Basically because I know how to paint the correct way. While you seem strictly on getting out of there as fast as you can.




Steve Richards said:


> Just for the hell of it...and at the risk of POing yet another moderator..





Leo G said:


> You guys aren't prepping the door? A few minutes to remove the hardware. sure If it is a new door that is pre primed it would take 10-12 minutes to scuff the primer,Why are you sanding the primer?
> Primer is flat for a reason. So that the first coat of paint has something to "hang onto" ever hear of a glossy wood primer?
> You scuff the primer to give it a rough area for the paint to bite onto. The primer is not smooth enough from the factory to give a satisfactory finish.getting in the nooks and crannies. If you're sanding inside the panels, there's an excellent chance you're going cut through the primer on any outside corners.
> Meaning you have to go get a little brush and touch that primer back up.
> ...


----------



## Mike Finley (Apr 28, 2004)

Scribbles said:


> Background.
> 
> I am 30 years old, I was a manager for a local handrail company, that company has gone bankrupt, I was hired by another handrail company that one has gone bankrupt as well. I don’t like unemployment, and did not want to go on it, so I cashed out my savings and started a company. I did not know what else to do. I would rather work for pennies than be on unemployment like the masses. I am trying to hire people and, get them off unemployment as well.
> 
> ...


You may not like it, but you're part of the problem not the solution. 

Companies buying jobs, working for pennies, means they are taking jobs off the market at below market rates and making it harder for legitimate companies to function.

Not everybody should be in business. If you're working for pennies you're probably one of them.

This might sound harsh, but sorry, that's the reality. Every time another company who employs 10 instead of your 2, who has been around for 10 years instead of your 1, goes to bid a job and you get it for 30% less just to keep your guys working and making your pennies hurts that legiimate company and it's 10 employees.

That's reality. 

Do you have to go out of biz? No. But I don't see the point of working for pennies and I don't have sympathy for anybody dragging the rest of the market down the spiral of lower and lower job costs just so you can work for pennies.

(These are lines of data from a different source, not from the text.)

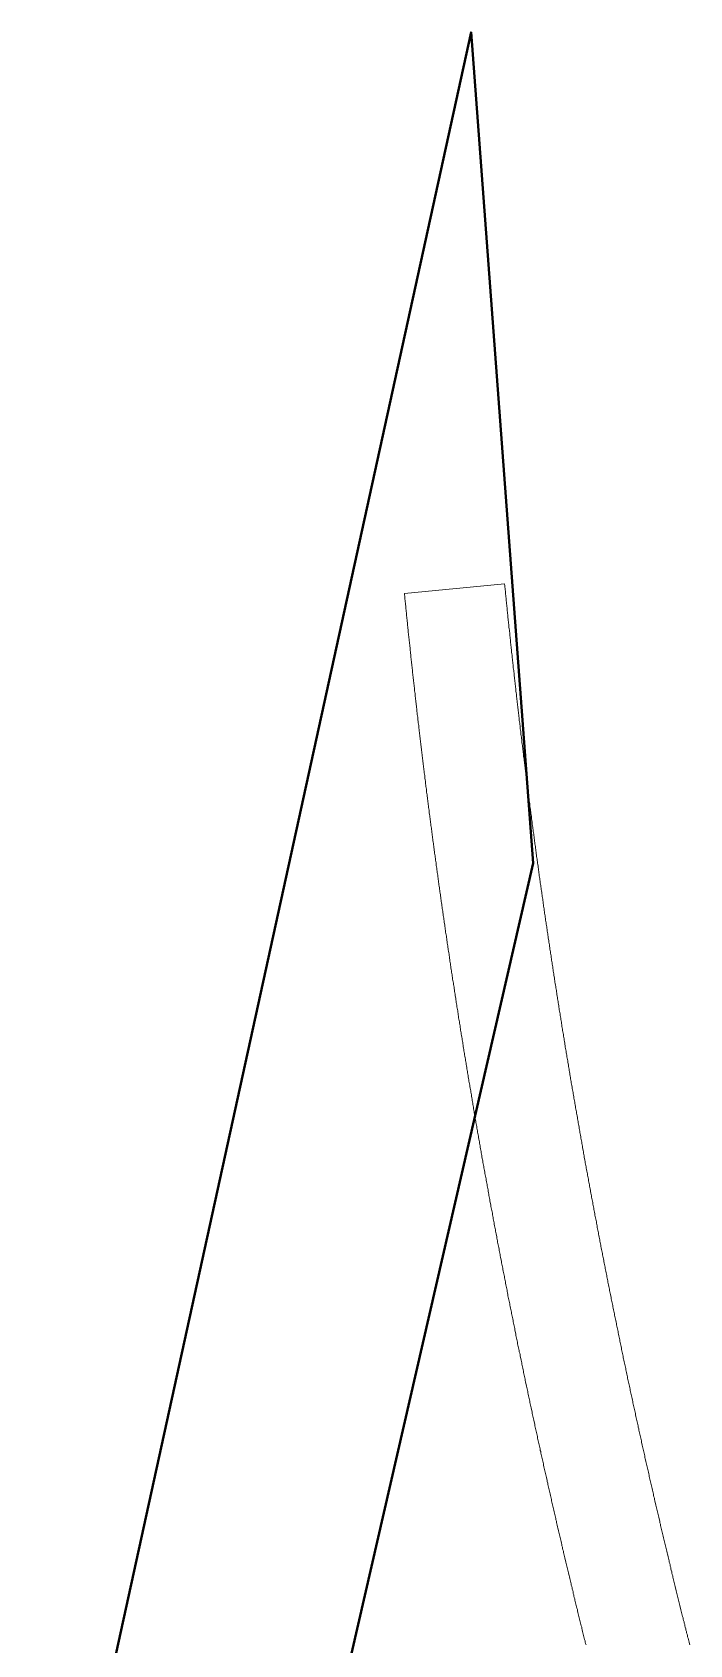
# Model space of a CAD drawing. Extents: x 174934 to 192674, y 648863 to 672607.
# Drawn here: x 179808.9 to 179856, y 661971.7 to 662087.1 of the extents above; entities that cross this region are included whole.
import ezdxf

# ---------------------------------------------------------------- set-up
doc = ezdxf.new("R2010")
doc.units = 0
doc.layers.add('pgesher', color=7, linetype='Continuous', lineweight=0)

msp = doc.modelspace()

# ---------------------------------------------------------------- linework, layer by layer
at = {"layer": 'pgesher', "color": 7, "linetype": 'Continuous', "lineweight": 40, "flags": 128}
msp.add_lwpolyline([(179808.95, 661943.72), (179840.34, 662087.1), (179844.79, 662027.65), (179819.74, 661918.73), (179808.95, 661943.72)], close=True, dxfattribs=at)
at = {"layer": 'pgesher', "flags": 128}
msp.add_lwpolyline([(179855.98, 661971.73), (179855.96, 661971.82), (179855.93, 661971.92), (179855.91, 661972.02), (179855.88, 661972.12), (179855.86, 661972.21), (179855.83, 661972.31), (179855.81, 661972.41), (179855.79, 661972.5), (179855.76, 661972.6), (179855.74, 661972.7), (179855.71, 661972.79), (179855.69, 661972.89), (179855.66, 661972.99), (179855.64, 661973.09), (179855.62, 661973.18), (179855.59, 661973.28), (179855.57, 661973.38), (179855.54, 661973.47), (179855.52, 661973.57), (179855.5, 661973.67), (179855.47, 661973.76), (179855.45, 661973.86), (179855.42, 661973.96), (179855.4, 661974.06), (179855.37, 661974.15), (179855.35, 661974.25), (179855.33, 661974.35), (179855.3, 661974.44), (179855.28, 661974.54), (179855.25, 661974.64), (179855.23, 661974.74), (179855.21, 661974.83), (179855.18, 661974.93), (179855.16, 661975.03), (179855.14, 661975.12), (179855.11, 661975.22), (179855.09, 661975.32), (179855.06, 661975.42), (179855.04, 661975.51), (179855.02, 661975.61), (179854.99, 661975.71), (179854.97, 661975.8), (179854.95, 661975.9), (179854.92, 661976), (179854.9, 661976.1), (179854.87, 661976.19), (179854.85, 661976.29), (179854.83, 661976.39), (179854.8, 661976.48), (179854.78, 661976.58), (179854.76, 661976.68), (179854.73, 661976.78), (179854.71, 661976.87), (179854.69, 661976.97), (179854.66, 661977.07), (179854.64, 661977.16), (179854.62, 661977.26), (179854.59, 661977.36), (179854.57, 661977.46), (179854.55, 661977.55), (179854.52, 661977.65), (179854.5, 661977.75), (179854.48, 661977.84), (179854.45, 661977.94), (179854.43, 661978.04), (179854.41, 661978.14), (179854.38, 661978.23), (179854.36, 661978.33), (179854.34, 661978.43), (179854.31, 661978.53), (179854.29, 661978.62), (179854.27, 661978.72), (179854.24, 661978.82), (179854.22, 661978.91), (179854.2, 661979.01), (179854.17, 661979.11), (179854.15, 661979.21), (179854.13, 661979.3), (179854.11, 661979.4), (179854.08, 661979.5), (179854.06, 661979.6), (179854.04, 661979.69), (179854.01, 661979.79), (179853.99, 661979.89), (179853.97, 661979.99), (179853.94, 661980.08), (179853.92, 661980.18), (179853.9, 661980.28), (179853.88, 661980.37), (179853.85, 661980.47), (179853.83, 661980.57), (179853.81, 661980.67), (179853.79, 661980.76), (179853.76, 661980.86), (179853.74, 661980.96), (179853.72, 661981.06), (179853.69, 661981.15), (179853.67, 661981.25), (179853.65, 661981.35), (179853.63, 661981.45), (179853.6, 661981.54), (179853.58, 661981.64), (179853.56, 661981.74), (179853.54, 661981.84), (179853.51, 661981.93), (179853.49, 661982.03), (179853.47, 661982.13), (179853.45, 661982.23), (179853.42, 661982.32), (179853.4, 661982.42), (179853.38, 661982.52), (179853.36, 661982.62), (179853.33, 661982.71), (179853.31, 661982.81), (179853.29, 661982.91), (179853.27, 661983.01), (179853.24, 661983.1), (179853.22, 661983.2), (179853.2, 661983.3), (179853.18, 661983.4), (179853.16, 661983.49), (179853.13, 661983.59), (179853.11, 661983.69), (179853.09, 661983.79), (179853.07, 661983.88), (179853.05, 661983.98), (179853.02, 661984.08), (179853, 661984.18), (179852.98, 661984.27), (179852.96, 661984.37), (179852.93, 661984.47), (179852.91, 661984.57), (179852.89, 661984.66), (179852.87, 661984.76), (179852.85, 661984.86), (179852.82, 661984.96), (179852.8, 661985.05), (179852.78, 661985.15), (179852.76, 661985.25), (179852.74, 661985.35), (179852.72, 661985.44), (179852.69, 661985.54), (179852.67, 661985.64), (179852.65, 661985.74), (179852.63, 661985.83), (179852.61, 661985.93), (179852.58, 661986.03), (179852.56, 661986.13), (179852.54, 661986.22), (179852.52, 661986.32), (179852.5, 661986.42), (179852.48, 661986.52), (179852.45, 661986.61), (179852.43, 661986.71), (179852.41, 661986.81), (179852.39, 661986.91), (179852.37, 661987.01), (179852.35, 661987.1), (179852.33, 661987.2), (179852.3, 661987.3), (179852.28, 661987.4), (179852.26, 661987.49), (179852.24, 661987.59), (179852.22, 661987.69), (179852.2, 661987.79), (179852.18, 661987.88), (179852.15, 661987.98), (179852.13, 661988.08), (179852.11, 661988.18), (179852.09, 661988.28), (179852.07, 661988.37), (179852.05, 661988.47), (179852.03, 661988.57), (179852.01, 661988.67), (179851.98, 661988.76), (179851.96, 661988.86), (179851.94, 661988.96), (179851.92, 661989.06), (179851.9, 661989.15), (179851.88, 661989.25), (179851.86, 661989.35), (179851.84, 661989.45), (179851.82, 661989.55), (179851.79, 661989.64), (179851.77, 661989.74), (179851.75, 661989.84), (179851.73, 661989.94), (179851.71, 661990.03), (179851.69, 661990.13), (179851.67, 661990.23), (179851.65, 661990.33), (179851.63, 661990.43), (179851.61, 661990.52), (179851.58, 661990.62), (179851.56, 661990.72), (179851.54, 661990.82), (179851.52, 661990.91), (179851.5, 661991.01), (179851.48, 661991.11), (179851.46, 661991.21), (179851.44, 661991.31), (179851.42, 661991.4), (179851.4, 661991.5), (179851.38, 661991.6), (179851.36, 661991.7), (179851.34, 661991.8), (179851.32, 661991.89), (179851.3, 661991.99), (179851.27, 661992.09), (179851.25, 661992.19), (179851.23, 661992.28), (179851.21, 661992.38), (179851.19, 661992.48), (179851.17, 661992.58), (179851.15, 661992.68), (179851.13, 661992.77), (179851.11, 661992.87), (179851.09, 661992.97), (179851.07, 661993.07), (179851.05, 661993.17), (179851.03, 661993.26), (179851.01, 661993.36), (179850.99, 661993.46), (179850.97, 661993.56), (179850.95, 661993.66), (179850.93, 661993.75), (179850.91, 661993.85), (179850.89, 661993.95), (179850.87, 661994.05), (179850.85, 661994.15), (179850.83, 661994.24), (179850.81, 661994.34), (179850.79, 661994.44), (179850.77, 661994.54), (179850.75, 661994.63), (179850.73, 661994.73), (179850.71, 661994.83), (179850.69, 661994.93), (179850.67, 661995.03), (179850.65, 661995.12), (179850.63, 661995.22), (179850.61, 661995.32), (179850.59, 661995.42), (179850.57, 661995.52), (179850.55, 661995.61), (179850.53, 661995.71), (179850.51, 661995.81), (179850.49, 661995.91), (179850.47, 661996.01), (179850.45, 661996.1), (179850.43, 661996.2), (179850.41, 661996.3), (179850.39, 661996.4), (179850.37, 661996.5), (179850.35, 661996.6), (179850.33, 661996.69), (179850.31, 661996.79), (179850.29, 661996.89), (179850.27, 661996.99), (179850.25, 661997.09), (179850.23, 661997.18), (179850.21, 661997.28), (179850.19, 661997.38), (179850.17, 661997.48), (179850.15, 661997.58), (179850.13, 661997.67), (179850.11, 661997.77), (179850.1, 661997.87), (179850.08, 661997.97), (179850.06, 661998.07), (179850.04, 661998.16), (179850.02, 661998.26), (179850, 661998.36), (179849.98, 661998.46), (179849.96, 661998.56), (179849.94, 661998.65), (179849.92, 661998.75), (179849.9, 661998.85), (179849.88, 661998.95), (179849.86, 661999.05), (179849.84, 661999.15), (179849.83, 661999.24), (179849.81, 661999.34), (179849.79, 661999.44), (179849.77, 661999.54), (179849.75, 661999.64), (179849.73, 661999.73), (179849.71, 661999.83), (179849.69, 661999.93), (179849.67, 662000.03), (179849.65, 662000.13), (179849.63, 662000.23), (179849.62, 662000.32), (179849.6, 662000.42), (179849.58, 662000.52), (179849.56, 662000.62), (179849.54, 662000.72), (179849.52, 662000.81), (179849.5, 662000.91), (179849.48, 662001.01), (179849.46, 662001.11), (179849.45, 662001.21), (179849.43, 662001.31), (179849.41, 662001.4), (179849.39, 662001.5), (179849.37, 662001.6), (179849.35, 662001.7), (179849.33, 662001.8), (179849.32, 662001.9), (179849.3, 662001.99), (179849.28, 662002.09), (179849.26, 662002.19), (179849.24, 662002.29), (179849.22, 662002.39), (179849.2, 662002.48), (179849.19, 662002.58), (179849.17, 662002.68), (179849.15, 662002.78), (179849.13, 662002.88), (179849.11, 662002.98), (179849.09, 662003.07), (179849.07, 662003.17), (179849.06, 662003.27), (179849.04, 662003.37), (179849.02, 662003.47), (179849, 662003.57), (179848.98, 662003.66), (179848.96, 662003.76), (179848.95, 662003.86), (179848.93, 662003.96), (179848.91, 662004.06), (179848.89, 662004.16), (179848.87, 662004.25), (179848.85, 662004.35), (179848.84, 662004.45), (179848.82, 662004.55), (179848.8, 662004.65), (179848.78, 662004.75), (179848.76, 662004.84), (179848.75, 662004.94), (179848.73, 662005.04), (179848.71, 662005.14), (179848.69, 662005.24), (179848.67, 662005.34), (179848.66, 662005.43), (179848.64, 662005.53), (179848.62, 662005.63), (179848.6, 662005.73), (179848.58, 662005.83), (179848.57, 662005.93), (179848.55, 662006.02), (179848.53, 662006.12), (179848.51, 662006.22), (179848.5, 662006.32), (179848.48, 662006.42), (179848.46, 662006.52), (179848.44, 662006.61), (179848.42, 662006.71), (179848.41, 662006.81), (179848.39, 662006.91), (179848.37, 662007.01), (179848.35, 662007.11), (179848.34, 662007.21), (179848.32, 662007.3), (179848.3, 662007.4), (179848.28, 662007.5), (179848.27, 662007.6), (179848.25, 662007.7), (179848.23, 662007.8), (179848.21, 662007.89), (179848.2, 662007.99), (179848.18, 662008.09), (179848.16, 662008.19), (179848.14, 662008.29), (179848.13, 662008.39), (179848.11, 662008.49), (179848.09, 662008.58), (179848.07, 662008.68), (179848.06, 662008.78), (179848.04, 662008.88), (179848.02, 662008.98), (179848, 662009.08), (179847.99, 662009.17), (179847.97, 662009.27), (179847.95, 662009.37), (179847.94, 662009.47), (179847.92, 662009.57), (179847.9, 662009.67), (179847.88, 662009.77), (179847.87, 662009.86), (179847.85, 662009.96), (179847.83, 662010.06), (179847.82, 662010.16), (179847.8, 662010.26), (179847.78, 662010.36), (179847.76, 662010.46), (179847.75, 662010.55), (179847.73, 662010.65), (179847.71, 662010.75), (179847.7, 662010.85), (179847.68, 662010.95), (179847.66, 662011.05), (179847.65, 662011.15), (179847.63, 662011.24), (179847.61, 662011.34), (179847.6, 662011.44), (179847.58, 662011.54), (179847.56, 662011.64), (179847.55, 662011.74), (179847.53, 662011.84), (179847.51, 662011.93), (179847.5, 662012.03), (179847.48, 662012.13), (179847.46, 662012.23), (179847.45, 662012.33), (179847.43, 662012.43), (179847.41, 662012.53), (179847.4, 662012.62), (179847.38, 662012.72), (179847.36, 662012.82), (179847.35, 662012.92), (179847.33, 662013.02), (179847.31, 662013.12), (179847.3, 662013.22), (179847.28, 662013.31), (179847.26, 662013.41), (179847.25, 662013.51), (179847.23, 662013.61), (179847.21, 662013.71), (179847.2, 662013.81), (179847.18, 662013.91), (179847.17, 662014.01), (179847.15, 662014.1), (179847.13, 662014.2), (179847.12, 662014.3), (179847.1, 662014.4), (179847.08, 662014.5), (179847.07, 662014.6), (179847.05, 662014.7), (179847.04, 662014.79), (179847.02, 662014.89), (179847, 662014.99), (179846.99, 662015.09), (179846.97, 662015.19), (179846.96, 662015.29), (179846.94, 662015.39), (179846.92, 662015.49), (179846.91, 662015.58), (179846.89, 662015.68), (179846.88, 662015.78), (179846.86, 662015.88), (179846.84, 662015.98), (179846.83, 662016.08), (179846.81, 662016.18), (179846.8, 662016.28), (179846.78, 662016.37), (179846.76, 662016.47), (179846.75, 662016.57), (179846.73, 662016.67), (179846.72, 662016.77), (179846.7, 662016.87), (179846.69, 662016.97), (179846.67, 662017.07), (179846.65, 662017.16), (179846.64, 662017.26), (179846.62, 662017.36), (179846.61, 662017.46), (179846.59, 662017.56), (179846.58, 662017.66), (179846.56, 662017.76), (179846.54, 662017.86), (179846.53, 662017.95), (179846.51, 662018.05), (179846.5, 662018.15), (179846.48, 662018.25), (179846.47, 662018.35), (179846.45, 662018.45), (179846.44, 662018.55), (179846.42, 662018.65), (179846.41, 662018.74), (179846.39, 662018.84), (179846.37, 662018.94), (179846.36, 662019.04), (179846.34, 662019.14), (179846.33, 662019.24), (179846.31, 662019.34), (179846.3, 662019.44), (179846.28, 662019.54), (179846.27, 662019.63), (179846.25, 662019.73), (179846.24, 662019.83), (179846.22, 662019.93), (179846.21, 662020.03), (179846.19, 662020.13), (179846.18, 662020.23), (179846.16, 662020.33), (179846.15, 662020.43), (179846.13, 662020.52), (179846.12, 662020.62), (179846.1, 662020.72), (179846.09, 662020.82), (179846.07, 662020.92), (179846.06, 662021.02), (179846.04, 662021.12), (179846.03, 662021.22), (179846.01, 662021.31), (179846, 662021.41), (179845.98, 662021.51), (179845.97, 662021.61), (179845.95, 662021.71), (179845.94, 662021.81), (179845.92, 662021.91), (179845.91, 662022.01), (179845.89, 662022.11), (179845.88, 662022.21), (179845.86, 662022.3), (179845.85, 662022.4), (179845.83, 662022.5), (179845.82, 662022.6), (179845.81, 662022.7), (179845.79, 662022.8), (179845.78, 662022.9), (179845.76, 662023), (179845.75, 662023.1), (179845.73, 662023.19), (179845.72, 662023.29), (179845.7, 662023.39), (179845.69, 662023.49), (179845.67, 662023.59), (179845.66, 662023.69), (179845.65, 662023.79), (179845.63, 662023.89), (179845.62, 662023.99), (179845.6, 662024.08), (179845.59, 662024.18), (179845.57, 662024.28), (179845.56, 662024.38), (179845.55, 662024.48), (179845.53, 662024.58), (179845.52, 662024.68), (179845.5, 662024.78), (179845.49, 662024.88), (179845.47, 662024.98), (179845.46, 662025.07), (179845.45, 662025.17), (179845.43, 662025.27), (179845.42, 662025.37), (179845.4, 662025.47), (179845.39, 662025.57), (179845.38, 662025.67), (179845.36, 662025.77), (179845.35, 662025.87), (179845.33, 662025.97), (179845.32, 662026.06), (179845.31, 662026.16), (179845.29, 662026.26), (179845.28, 662026.36), (179845.26, 662026.46), (179845.25, 662026.56), (179845.24, 662026.66), (179845.22, 662026.76), (179845.21, 662026.86), (179845.19, 662026.96), (179845.18, 662027.06), (179845.17, 662027.15), (179845.15, 662027.25), (179845.14, 662027.35), (179845.13, 662027.45), (179845.11, 662027.55), (179845.1, 662027.65), (179845.08, 662027.75), (179845.07, 662027.85), (179845.06, 662027.95), (179845.04, 662028.05), (179845.03, 662028.14), (179845.02, 662028.24), (179845, 662028.34), (179844.99, 662028.44), (179844.98, 662028.54), (179844.96, 662028.64), (179844.95, 662028.74), (179844.94, 662028.84), (179844.92, 662028.94), (179844.91, 662029.04), (179844.9, 662029.14), (179844.88, 662029.23), (179844.87, 662029.33), (179844.86, 662029.43), (179844.84, 662029.53), (179844.83, 662029.63), (179844.82, 662029.73), (179844.8, 662029.83), (179844.79, 662029.93), (179844.78, 662030.03), (179844.76, 662030.13), (179844.75, 662030.23), (179844.74, 662030.33), (179844.72, 662030.42), (179844.71, 662030.52), (179844.7, 662030.62), (179844.68, 662030.72), (179844.67, 662030.82), (179844.66, 662030.92), (179844.65, 662031.02), (179844.63, 662031.12), (179844.62, 662031.22), (179844.61, 662031.32), (179844.59, 662031.42), (179844.58, 662031.51), (179844.57, 662031.61), (179844.55, 662031.71), (179844.54, 662031.81), (179844.53, 662031.91), (179844.52, 662032.01), (179844.5, 662032.11), (179844.49, 662032.21), (179844.48, 662032.31), (179844.47, 662032.41), (179844.45, 662032.51), (179844.44, 662032.61), (179844.43, 662032.7), (179844.41, 662032.8), (179844.4, 662032.9), (179844.39, 662033), (179844.38, 662033.1), (179844.36, 662033.2), (179844.35, 662033.3), (179844.34, 662033.4), (179844.33, 662033.5), (179844.31, 662033.6), (179844.3, 662033.7), (179844.29, 662033.8), (179844.28, 662033.9), (179844.26, 662033.99), (179844.25, 662034.09), (179844.24, 662034.19), (179844.23, 662034.29), (179844.21, 662034.39), (179844.2, 662034.49), (179844.19, 662034.59), (179844.18, 662034.69), (179844.16, 662034.79), (179844.15, 662034.89), (179844.14, 662034.99), (179844.13, 662035.09), (179844.12, 662035.19), (179844.1, 662035.28), (179844.09, 662035.38), (179844.08, 662035.48), (179844.07, 662035.58), (179844.06, 662035.68), (179844.04, 662035.78), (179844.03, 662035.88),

People working for pennies aren't part of any solution. They are the problem. Craigslist is full of them.

Let's just take the kid gloves off?

You're posting on here about a guy you have who takes 7 hours to paint a door and you don't know what to do?

You're posting on here that you work for pennies?

Get serious.  Attack my ass for being realistic to you, maybe I'm the first guy who has ever actually told you what you need to hear.

You're wasting your time in your current methods. Obvously. 

You aren't going to restructure in a recession and suddenly miraculously turn everything around when you're having as much trouble as you are employing a guy who has gone steadily down hill since hiring.

When a guy starts off strong and goes down hill over time and his production keeps dropping, it isn't him, it's you. You should look at yourself and figure out why a good worker has turned to sh*t. What's the environment? With a boss who has a mentality of working for nothing is good enough is there really a mystery where the problems lay?

Well, enough, you won't understand any of it nor be able to gain anything from what I'm telling you anyway.

Instead show the kid the video. He will give you some BS about how he will do better. One day don't look for the guy, cause I'm sure he's looking for something else as we read this and has been for awhile. I'm betting the kid knows the writing on the wall better then his employer does. He's un-motivated working for a company on the way out, who can't keep enough work, is sketchy with hours... etc... etc... etc...


----------



## Steve Richards (Mar 7, 2006)

hmmmmm


----------



## JumboJack (Aug 14, 2007)

Mike Finley said:


> You may not like it, but you're part of the problem not the solution.
> 
> Companies buying jobs, working for pennies, means they are taking jobs off the market at below market rates and making it harder for legitimate companies to function.
> 
> ...


As harsh and curt as Mike might be in explaining his opinion on this subject he is basically right.I understand the mindset of doing what ever it takes to keep some money coming in and keeping one's employees busy.But if prices keep getting dragged down then everyone is going to suffer in the long run.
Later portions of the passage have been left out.